Gli equilibri sono cambiati e lo slogan «Think Different» oggi si applica meglio al mondo del software libero e «open source», targato Linux & amici – che ha aperto la porta a molti innovatori in un mondo in cui la piattaforma fondamentale non è di proprietà di nessuno, perché Internet è pubblica – contro l’emergere di un mondo informatico proprietario e costrittivo: «Pensate a iTunes: se lo usate una volta dovete usarlo per sempre» avverte Norman, che ha visto nascere il sistema di libreria digitale che archivia musica e film, ma non permette di condividerli o spostarli.

Soprattutto, pensate al marchingegno software nascosto negli iPhone che spia gli utenti, per ammissione dello stesso padre padrone della Apple.
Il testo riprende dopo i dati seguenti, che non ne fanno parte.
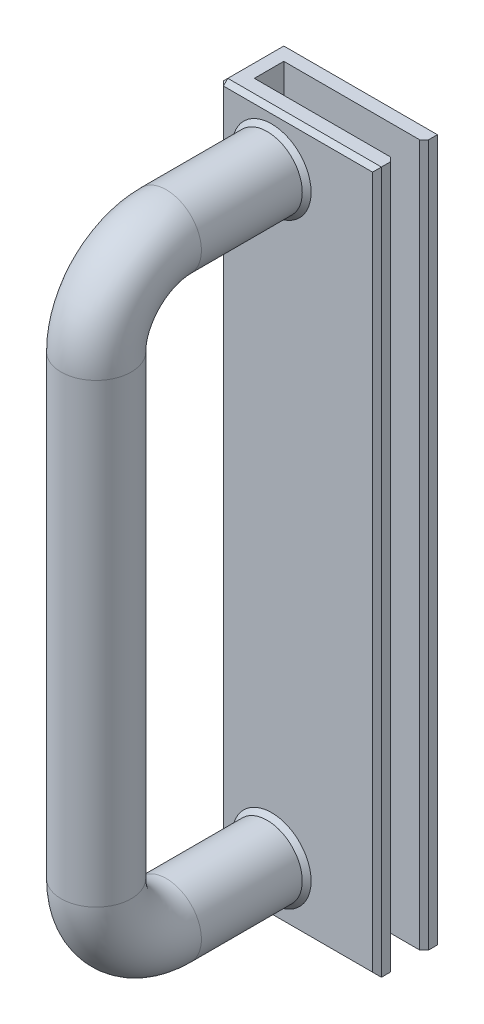
ISO-10303-21;
HEADER;
FILE_DESCRIPTION(('STEP AP214'),'2;1');
FILE_NAME('part.step','',(''),(''),'','','');
FILE_SCHEMA(('AUTOMOTIVE_DESIGN { 1 0 10303 214 1 1 1 1 }'));
ENDSEC;
DATA;
#1=APPLICATION_CONTEXT('core data for automotive mechanical design processes');
#2=APPLICATION_PROTOCOL_DEFINITION('international standard','automotive_design',2000,#1);
#3=PRODUCT_CONTEXT('',#1,'mechanical');
#4=PRODUCT('Part','Part','',(#3));
#5=PRODUCT_RELATED_PRODUCT_CATEGORY('part','',(#4));
#6=PRODUCT_DEFINITION_FORMATION('','',#4);
#7=PRODUCT_DEFINITION_CONTEXT('part definition',#1,'design');
#8=PRODUCT_DEFINITION('design','',#6,#7);
#9=PRODUCT_DEFINITION_SHAPE('','',#8);
#10=(LENGTH_UNIT() NAMED_UNIT(*) SI_UNIT(.MILLI.,.METRE.));
#11=(NAMED_UNIT(*) PLANE_ANGLE_UNIT() SI_UNIT($,.RADIAN.));
#12=(NAMED_UNIT(*) SI_UNIT($,.STERADIAN.) SOLID_ANGLE_UNIT());
#13=UNCERTAINTY_MEASURE_WITH_UNIT(LENGTH_MEASURE(1.E-05),#10,'distance_accuracy_value','');
#14=(GEOMETRIC_REPRESENTATION_CONTEXT(3) GLOBAL_UNCERTAINTY_ASSIGNED_CONTEXT((#13)) GLOBAL_UNIT_ASSIGNED_CONTEXT((#10,
#11,#12)) REPRESENTATION_CONTEXT('',''));
#15=CARTESIAN_POINT('',(0.,0.,0.));
#16=DIRECTION('',(0.,0.,1.));
#17=DIRECTION('',(1.,0.,0.));
#18=AXIS2_PLACEMENT_3D('',#15,#16,#17);
#19=CARTESIAN_POINT('',(12.7,127.,5.867));
#20=DIRECTION('',(0.,0.,-1.));
#21=DIRECTION('',(1.,0.,0.));
#22=AXIS2_PLACEMENT_3D('',#19,#20,#21);
#23=PLANE('',#22);
#24=DIRECTION('',(0.,-1.,0.));
#25=VECTOR('',#24,1.);
#26=CARTESIAN_POINT('',(11.9,127.,5.867));
#27=LINE('',#26,#25);
#28=CARTESIAN_POINT('',(11.9,126.2,5.867));
#29=VERTEX_POINT('',#28);
#30=CARTESIAN_POINT('',(11.9,0.799999999999967,5.867));
#31=VERTEX_POINT('',#30);
#32=EDGE_CURVE('E279',#29,#31,#27,.T.);
#33=ORIENTED_EDGE('',*,*,#32,.F.);
#34=DIRECTION('',(1.,0.,0.));
#35=VECTOR('',#34,1.);
#36=CARTESIAN_POINT('',(12.7,126.2,5.867));
#37=LINE('',#36,#35);
#38=CARTESIAN_POINT('',(-15.1,126.2,5.867));
#39=VERTEX_POINT('',#38);
#40=EDGE_CURVE('E282',#39,#29,#37,.T.);
#41=ORIENTED_EDGE('',*,*,#40,.F.);
#42=DIRECTION('',(0.,1.,0.));
#43=VECTOR('',#42,1.);
#44=CARTESIAN_POINT('',(-15.1,127.,5.867));
#45=LINE('',#44,#43);
#46=CARTESIAN_POINT('',(-15.1,0.799999999999967,5.867));
#47=VERTEX_POINT('',#46);
#48=EDGE_CURVE('E285',#47,#39,#45,.T.);
#49=ORIENTED_EDGE('',*,*,#48,.F.);
#50=DIRECTION('',(-1.,0.,0.));
#51=VECTOR('',#50,1.);
#52=CARTESIAN_POINT('',(12.7,0.799999999999967,5.867));
#53=LINE('',#52,#51);
#54=EDGE_CURVE('E287',#31,#47,#53,.T.);
#55=ORIENTED_EDGE('',*,*,#54,.F.);
#56=EDGE_LOOP('',(#33,#41,#49,#55));
#57=FACE_BOUND('',#56,.T.);
#58=CARTESIAN_POINT('',(-6.375,9.52500000000001,5.867));
#59=DIRECTION('',(0.,0.,1.));
#60=DIRECTION('',(1.,0.,0.));
#61=AXIS2_PLACEMENT_3D('',#58,#59,#60);
#62=CIRCLE('',#61,7.15);
#63=CARTESIAN_POINT('',(0.775000000000001,9.52500000000001,5.867));
#64=VERTEX_POINT('',#63);
#65=EDGE_CURVE('E276',#64,#64,#62,.T.);
#66=ORIENTED_EDGE('',*,*,#65,.F.);
#67=EDGE_LOOP('',(#66));
#68=FACE_BOUND('',#67,.T.);
#69=CARTESIAN_POINT('',(-6.375,117.475,5.867));
#70=DIRECTION('',(0.,0.,1.));
#71=DIRECTION('',(1.,0.,0.));
#72=AXIS2_PLACEMENT_3D('',#69,#70,#71);
#73=CIRCLE('',#72,7.15);
#74=CARTESIAN_POINT('',(0.775000000000001,117.475,5.867));
#75=VERTEX_POINT('',#74);
#76=EDGE_CURVE('E273',#75,#75,#73,.T.);
#77=ORIENTED_EDGE('',*,*,#76,.F.);
#78=EDGE_LOOP('',(#77));
#79=FACE_BOUND('',#78,.T.);
#80=ADVANCED_FACE('F40',(#57,#68,#79),#23,.F.);
#81=CARTESIAN_POINT('',(12.7,127.,-5.867));
#82=DIRECTION('',(-1.,0.,0.));
#83=DIRECTION('',(0.,0.,-1.));
#84=AXIS2_PLACEMENT_3D('',#81,#82,#83);
#85=PLANE('',#84);
#86=DIRECTION('',(0.,0.,1.));
#87=VECTOR('',#86,1.);
#88=CARTESIAN_POINT('',(12.7,0.,-5.867));
#89=LINE('',#88,#87);
#90=CARTESIAN_POINT('',(12.7,0.,-5.06700000000003));
#91=VERTEX_POINT('',#90);
#92=CARTESIAN_POINT('',(12.7,0.,-3.467));
#93=VERTEX_POINT('',#92);
#94=EDGE_CURVE('E195',#91,#93,#89,.T.);
#95=ORIENTED_EDGE('',*,*,#94,.F.);
#96=DIRECTION('',(0.,-1.,0.));
#97=VECTOR('',#96,1.);
#98=CARTESIAN_POINT('',(12.7,127.,-5.06700000000003));
#99=LINE('',#98,#97);
#100=CARTESIAN_POINT('',(12.7,127.,-5.06700000000003));
#101=VERTEX_POINT('',#100);
#102=EDGE_CURVE('E222',#101,#91,#99,.T.);
#103=ORIENTED_EDGE('',*,*,#102,.F.);
#104=DIRECTION('',(0.,0.,1.));
#105=VECTOR('',#104,1.);
#106=CARTESIAN_POINT('',(12.7,127.,-5.867));
#107=LINE('',#106,#105);
#108=CARTESIAN_POINT('',(12.7,127.,-3.467));
#109=VERTEX_POINT('',#108);
#110=EDGE_CURVE('E184',#101,#109,#107,.T.);
#111=ORIENTED_EDGE('',*,*,#110,.T.);
#112=DIRECTION('',(0.,1.,0.));
#113=VECTOR('',#112,1.);
#114=CARTESIAN_POINT('',(12.7,127.,-3.467));
#115=LINE('',#114,#113);
#116=EDGE_CURVE('E225',#93,#109,#115,.T.);
#117=ORIENTED_EDGE('',*,*,#116,.F.);
#118=EDGE_LOOP('',(#95,#103,#111,#117));
#119=FACE_BOUND('',#118,.T.);
#120=ADVANCED_FACE('F358',(#119),#85,.F.);
#121=CARTESIAN_POINT('',(12.7,127.,-2.667));
#122=DIRECTION('',(0.,0.,-1.));
#123=DIRECTION('',(1.,0.,0.));
#124=AXIS2_PLACEMENT_3D('',#121,#122,#123);
#125=PLANE('',#124);
#126=DIRECTION('',(-1.,0.,0.));
#127=VECTOR('',#126,1.);
#128=CARTESIAN_POINT('',(12.7,127.,-2.667));
#129=LINE('',#128,#127);
#130=CARTESIAN_POINT('',(11.9,127.,-2.667));
#131=VERTEX_POINT('',#130);
#132=CARTESIAN_POINT('',(-12.7,127.,-2.667));
#133=VERTEX_POINT('',#132);
#134=EDGE_CURVE('E163',#131,#133,#129,.T.);
#135=ORIENTED_EDGE('',*,*,#134,.T.);
#136=DIRECTION('',(0.,-1.,0.));
#137=VECTOR('',#136,1.);
#138=CARTESIAN_POINT('',(-12.7,127.,-2.667));
#139=LINE('',#138,#137);
#140=CARTESIAN_POINT('',(-12.7,0.,-2.667));
#141=VERTEX_POINT('',#140);
#142=EDGE_CURVE('E171',#133,#141,#139,.T.);
#143=ORIENTED_EDGE('',*,*,#142,.T.);
#144=DIRECTION('',(-1.,0.,0.));
#145=VECTOR('',#144,1.);
#146=CARTESIAN_POINT('',(12.7,0.,-2.667));
#147=LINE('',#146,#145);
#148=CARTESIAN_POINT('',(11.9,0.,-2.667));
#149=VERTEX_POINT('',#148);
#150=EDGE_CURVE('E198',#149,#141,#147,.T.);
#151=ORIENTED_EDGE('',*,*,#150,.F.);
#152=DIRECTION('',(0.,-1.,0.));
#153=VECTOR('',#152,1.);
#154=CARTESIAN_POINT('',(11.9,127.,-2.667));
#155=LINE('',#154,#153);
#156=EDGE_CURVE('E178',#131,#149,#155,.T.);
#157=ORIENTED_EDGE('',*,*,#156,.F.);
#158=EDGE_LOOP('',(#135,#143,#151,#157));
#159=FACE_BOUND('',#158,.T.);
#160=ADVANCED_FACE('F182',(#159),#125,.F.);
#161=CARTESIAN_POINT('',(-12.7,127.,-2.667));
#162=DIRECTION('',(-1.,0.,0.));
#163=DIRECTION('',(0.,0.,-1.));
#164=AXIS2_PLACEMENT_3D('',#161,#162,#163);
#165=PLANE('',#164);
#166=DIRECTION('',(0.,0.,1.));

Su cui girano voci di comportamenti despotici nei confronti dei suoi dipendenti, malmenati quando sbagliano, mentre il suo rivale di sempre Bill Gates si è rifatto l’immagine per apparire «buono», fino a ritirarsi dal ruolo chiave in azienda per puntare sulle donazioni ai poveri con la sua Fondazione.

Anche i fans di Apple descrivono Jobs come un «dittatore illuminato» che governa lo sviluppo dei prodotti più attraenti apparsi sul mercato negli ultimi anni: dopo aver ammesso il sistema di controllo a distanza che viola la privacy degli utenti dei suoi iPhone rimuovendo eventuali software «indesiderati», ha garantito personalmente che ne migliorerà gli standard. C’è da fidarsi? Al pubblico l’ardua sentenza.